For a minute, a peaceful, happy resolution seemed within reach—but that’s just not in the cards for the now fully grown private eye

As much as we talk about remakes and revivals in the context of the film industry, it’s a trend that’s nearly as prevalent in television. Especially in the streaming era, there have been TV revivals both transcendently great (Twin Peaks: The Return, on Showtime) and laughably terrible (Fuller House, on Netflix). And while there’s no perfect formula or guidebook that showrunners must adhere to when rebooting a show, it’s never a bad idea to move beyond nostalgic fan service in favor of bold and purposeful new direction.

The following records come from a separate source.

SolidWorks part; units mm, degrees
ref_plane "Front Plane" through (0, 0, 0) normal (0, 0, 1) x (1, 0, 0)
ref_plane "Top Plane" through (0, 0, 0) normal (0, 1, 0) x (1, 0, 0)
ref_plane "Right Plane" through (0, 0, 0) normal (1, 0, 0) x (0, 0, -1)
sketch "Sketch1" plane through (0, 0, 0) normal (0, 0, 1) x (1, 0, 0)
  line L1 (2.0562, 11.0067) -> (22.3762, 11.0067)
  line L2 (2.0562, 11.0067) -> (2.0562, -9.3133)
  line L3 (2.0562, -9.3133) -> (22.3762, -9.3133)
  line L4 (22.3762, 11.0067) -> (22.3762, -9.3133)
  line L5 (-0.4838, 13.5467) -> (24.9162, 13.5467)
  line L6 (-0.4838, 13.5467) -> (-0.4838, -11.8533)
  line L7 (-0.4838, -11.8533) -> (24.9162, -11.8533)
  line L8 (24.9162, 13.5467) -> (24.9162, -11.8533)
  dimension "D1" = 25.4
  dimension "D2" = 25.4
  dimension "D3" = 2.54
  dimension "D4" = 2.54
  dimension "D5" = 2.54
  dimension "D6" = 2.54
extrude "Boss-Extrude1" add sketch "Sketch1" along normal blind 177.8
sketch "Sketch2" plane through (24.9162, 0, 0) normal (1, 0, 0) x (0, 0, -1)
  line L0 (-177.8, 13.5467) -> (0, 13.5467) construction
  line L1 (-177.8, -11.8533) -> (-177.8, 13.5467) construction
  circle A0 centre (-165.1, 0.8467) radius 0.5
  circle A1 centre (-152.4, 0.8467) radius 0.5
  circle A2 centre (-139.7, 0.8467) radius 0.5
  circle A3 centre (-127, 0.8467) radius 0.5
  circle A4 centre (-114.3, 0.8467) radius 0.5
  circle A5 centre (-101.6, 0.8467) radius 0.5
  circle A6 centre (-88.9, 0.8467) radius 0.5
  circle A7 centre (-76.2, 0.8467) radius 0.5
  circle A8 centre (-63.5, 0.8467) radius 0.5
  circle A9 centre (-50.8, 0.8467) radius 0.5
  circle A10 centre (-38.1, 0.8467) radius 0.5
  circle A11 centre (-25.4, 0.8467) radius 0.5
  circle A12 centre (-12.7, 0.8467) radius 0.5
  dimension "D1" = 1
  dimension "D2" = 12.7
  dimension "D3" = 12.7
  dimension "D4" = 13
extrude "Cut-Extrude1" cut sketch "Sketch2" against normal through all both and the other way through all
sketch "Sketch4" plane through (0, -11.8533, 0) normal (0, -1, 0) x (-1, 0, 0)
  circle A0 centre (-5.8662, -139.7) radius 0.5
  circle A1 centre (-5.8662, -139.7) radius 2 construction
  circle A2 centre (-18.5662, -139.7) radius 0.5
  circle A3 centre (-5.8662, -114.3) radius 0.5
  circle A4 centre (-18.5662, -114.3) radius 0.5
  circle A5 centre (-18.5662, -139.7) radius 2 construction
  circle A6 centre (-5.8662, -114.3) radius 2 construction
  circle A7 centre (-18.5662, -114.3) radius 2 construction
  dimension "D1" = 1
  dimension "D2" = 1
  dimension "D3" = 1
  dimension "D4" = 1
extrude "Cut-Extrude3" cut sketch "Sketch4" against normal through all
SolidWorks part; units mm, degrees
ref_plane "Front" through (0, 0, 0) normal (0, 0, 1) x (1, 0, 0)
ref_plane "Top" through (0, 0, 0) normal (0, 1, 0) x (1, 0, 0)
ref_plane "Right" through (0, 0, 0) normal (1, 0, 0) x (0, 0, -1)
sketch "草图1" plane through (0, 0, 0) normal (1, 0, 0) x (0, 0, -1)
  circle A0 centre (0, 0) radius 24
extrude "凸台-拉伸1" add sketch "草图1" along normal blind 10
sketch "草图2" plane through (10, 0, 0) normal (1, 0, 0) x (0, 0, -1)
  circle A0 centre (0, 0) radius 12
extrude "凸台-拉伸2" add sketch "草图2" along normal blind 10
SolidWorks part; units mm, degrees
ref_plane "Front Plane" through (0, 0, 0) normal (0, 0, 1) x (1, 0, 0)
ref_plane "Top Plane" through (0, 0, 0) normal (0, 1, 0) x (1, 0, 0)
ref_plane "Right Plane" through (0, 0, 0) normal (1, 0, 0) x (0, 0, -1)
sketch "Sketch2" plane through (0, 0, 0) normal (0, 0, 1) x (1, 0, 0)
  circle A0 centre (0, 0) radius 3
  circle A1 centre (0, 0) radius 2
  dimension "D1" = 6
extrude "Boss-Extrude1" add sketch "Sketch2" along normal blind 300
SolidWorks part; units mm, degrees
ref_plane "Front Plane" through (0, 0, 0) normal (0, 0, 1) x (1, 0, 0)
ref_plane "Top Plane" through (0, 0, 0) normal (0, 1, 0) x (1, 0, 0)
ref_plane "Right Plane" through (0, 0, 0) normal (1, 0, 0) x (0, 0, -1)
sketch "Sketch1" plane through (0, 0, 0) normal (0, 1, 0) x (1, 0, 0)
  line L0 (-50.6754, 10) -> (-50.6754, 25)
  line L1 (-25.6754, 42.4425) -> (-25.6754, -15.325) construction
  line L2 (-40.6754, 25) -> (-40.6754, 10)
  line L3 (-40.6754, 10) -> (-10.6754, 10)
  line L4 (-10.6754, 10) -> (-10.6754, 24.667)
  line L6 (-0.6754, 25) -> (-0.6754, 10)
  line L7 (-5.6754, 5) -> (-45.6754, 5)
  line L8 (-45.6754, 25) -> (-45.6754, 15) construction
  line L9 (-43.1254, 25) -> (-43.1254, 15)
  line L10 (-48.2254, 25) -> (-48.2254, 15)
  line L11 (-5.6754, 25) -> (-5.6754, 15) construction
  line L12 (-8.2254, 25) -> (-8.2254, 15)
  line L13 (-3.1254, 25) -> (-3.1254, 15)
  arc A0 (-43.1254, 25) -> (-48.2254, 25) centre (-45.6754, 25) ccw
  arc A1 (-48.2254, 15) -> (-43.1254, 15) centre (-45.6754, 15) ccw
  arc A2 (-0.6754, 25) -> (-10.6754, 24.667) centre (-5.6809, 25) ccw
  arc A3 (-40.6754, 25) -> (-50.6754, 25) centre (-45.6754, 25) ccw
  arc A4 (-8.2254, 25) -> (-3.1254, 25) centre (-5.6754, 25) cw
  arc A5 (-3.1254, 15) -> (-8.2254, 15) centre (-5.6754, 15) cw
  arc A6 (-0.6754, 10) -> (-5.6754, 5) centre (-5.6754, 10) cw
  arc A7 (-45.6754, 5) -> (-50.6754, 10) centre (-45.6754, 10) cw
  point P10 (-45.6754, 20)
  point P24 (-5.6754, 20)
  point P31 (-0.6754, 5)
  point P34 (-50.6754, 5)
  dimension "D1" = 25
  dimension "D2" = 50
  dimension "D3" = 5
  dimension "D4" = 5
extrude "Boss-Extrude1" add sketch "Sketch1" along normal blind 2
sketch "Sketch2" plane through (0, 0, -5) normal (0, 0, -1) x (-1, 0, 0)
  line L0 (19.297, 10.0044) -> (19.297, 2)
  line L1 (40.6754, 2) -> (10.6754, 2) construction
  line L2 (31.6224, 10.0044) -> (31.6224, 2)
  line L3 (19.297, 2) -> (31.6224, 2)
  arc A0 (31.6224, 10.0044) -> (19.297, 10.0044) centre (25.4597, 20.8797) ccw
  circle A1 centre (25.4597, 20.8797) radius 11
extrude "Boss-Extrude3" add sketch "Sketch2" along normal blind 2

It’s been 15 years since Veronica Mars debuted on the now-defunct UPN, and five years since creator Rob Thomas put together a Veronica Mars movie-slash-sequel that, at the time, became a record-breaking Kickstarter campaign thanks to the show’s ardent fan base. Perhaps because the fans literally helped fund the project in the millions, the film was fun for Marshmallows (the endearing term for Veronica Mars diehards) and heavy on the fan service, while bringing very little else to the table. But the fourth season, surprise-released a week early on Friday by Hulu, goes to great lengths to demonstrate the importance of moving on, and how damaging it can be to be trapped in old ways.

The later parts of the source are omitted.